## Activity
Write only the number of lines in the data that contain the word "Colors".

## The input
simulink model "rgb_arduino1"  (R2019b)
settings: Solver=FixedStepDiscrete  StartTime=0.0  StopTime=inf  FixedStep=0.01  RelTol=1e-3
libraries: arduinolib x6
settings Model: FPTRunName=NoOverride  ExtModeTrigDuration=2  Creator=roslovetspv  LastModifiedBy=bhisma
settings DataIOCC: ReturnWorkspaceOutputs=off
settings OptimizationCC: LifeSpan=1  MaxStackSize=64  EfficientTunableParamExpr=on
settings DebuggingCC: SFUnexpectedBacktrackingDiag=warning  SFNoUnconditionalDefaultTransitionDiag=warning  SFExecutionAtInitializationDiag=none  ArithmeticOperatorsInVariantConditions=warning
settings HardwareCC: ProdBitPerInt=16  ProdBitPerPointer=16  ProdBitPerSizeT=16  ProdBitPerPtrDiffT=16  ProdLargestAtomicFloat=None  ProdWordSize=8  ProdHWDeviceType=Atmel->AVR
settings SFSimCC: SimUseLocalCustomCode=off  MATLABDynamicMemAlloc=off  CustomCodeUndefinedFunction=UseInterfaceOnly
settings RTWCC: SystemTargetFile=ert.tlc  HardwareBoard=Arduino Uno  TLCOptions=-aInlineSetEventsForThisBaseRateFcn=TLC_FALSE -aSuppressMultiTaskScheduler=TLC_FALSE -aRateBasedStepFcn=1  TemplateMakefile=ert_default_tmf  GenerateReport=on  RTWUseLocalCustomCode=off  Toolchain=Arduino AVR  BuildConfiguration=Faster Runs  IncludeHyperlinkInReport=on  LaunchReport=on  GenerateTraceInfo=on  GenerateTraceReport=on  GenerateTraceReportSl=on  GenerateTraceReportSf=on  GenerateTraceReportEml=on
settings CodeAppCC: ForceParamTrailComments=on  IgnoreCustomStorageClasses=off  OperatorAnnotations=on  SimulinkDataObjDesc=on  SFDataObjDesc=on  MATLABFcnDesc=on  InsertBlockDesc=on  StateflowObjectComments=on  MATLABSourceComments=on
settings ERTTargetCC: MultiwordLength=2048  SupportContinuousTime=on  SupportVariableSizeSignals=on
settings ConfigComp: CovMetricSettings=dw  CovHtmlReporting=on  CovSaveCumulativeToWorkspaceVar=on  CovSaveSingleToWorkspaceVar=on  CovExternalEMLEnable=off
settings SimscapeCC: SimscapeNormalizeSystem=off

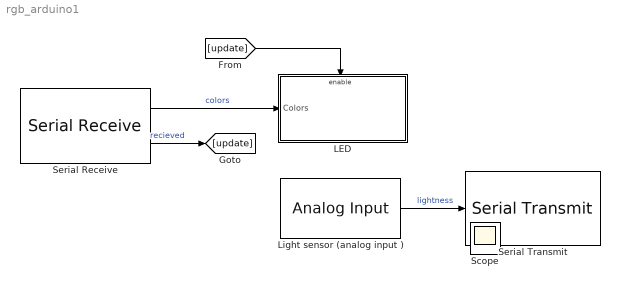
== system rgb_arduino1 ==
  LED : Subsystem  TreatAsAtomicUnit=on
  Light sensor (analog input ) : arduinolib/Analog Input  pinNumber=0  sampleTime=0.07  blockPlatform=arduino
      settings: AttributesFormatString=Ts = %<SampleTime>
  Serial Receive : arduinolib/Serial Receive  isARMArch=off  portNumber=0  DataType=uint8  Datalength=3  SampleTime=0.01  showOutStatus=on  blockPlatform=arduino
      settings: AttributesFormatString=Ts = %<SampleTime>  SourceProductName=Simulink Support Package for Arduino Hardware  SourceProductBaseCode=ARDUINO
  Serial Transmit : arduinolib/Serial Transmit  portNumber=0  sendmode=write  sendformat=Decimal  floatprecision=2  blockPlatform=arduino
      settings: SourceProductName=Simulink Support Package for Arduino Hardware
  Scope : Scope
  wires:
  Serial Receive/1 -> LED/1(Colors)  "colors"
  Light sensor (analog input )/1 -> Serial Transmit/1  "lightness"
  Serial Receive/2 -> [update]  "recieved"
  [update] -> LED/Enable

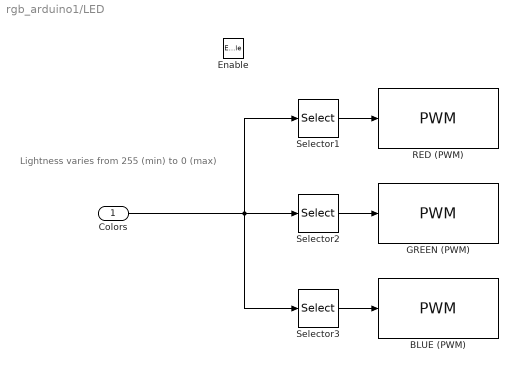
== system rgb_arduino1/LED ==
  note: Lightness varies from 255 (min) to 0 (max)
  Colors : Inport  OutDataTypeStr=uint8
  Enable : EnablePort
  BLUE (PWM) : arduinolib/PWM  pinNumber=11  blockPlatform=arduino
  GREEN (PWM) : arduinolib/PWM  pinNumber=10  blockPlatform=arduino
  RED (PWM) : arduinolib/PWM  pinNumber=9  blockPlatform=arduino
  Selector1 : Selector  InputPortWidth=3  IndexOptions=Index vector (dialog)  Indices=1  OutputSizes=1
  Selector2 : Selector  InputPortWidth=3  IndexOptions=Index vector (dialog)  Indices=2  OutputSizes=1
  Selector3 : Selector  InputPortWidth=3  IndexOptions=Index vector (dialog)  Indices=3  OutputSizes=1
  wires:
  Selector2/1 -> GREEN (PWM)/1
  Selector3/1 -> BLUE (PWM)/1
  Selector1/1 -> RED (PWM)/1
  Colors/1 -> Selector1/1, Selector3/1, Selector2/1

## Exercise result
3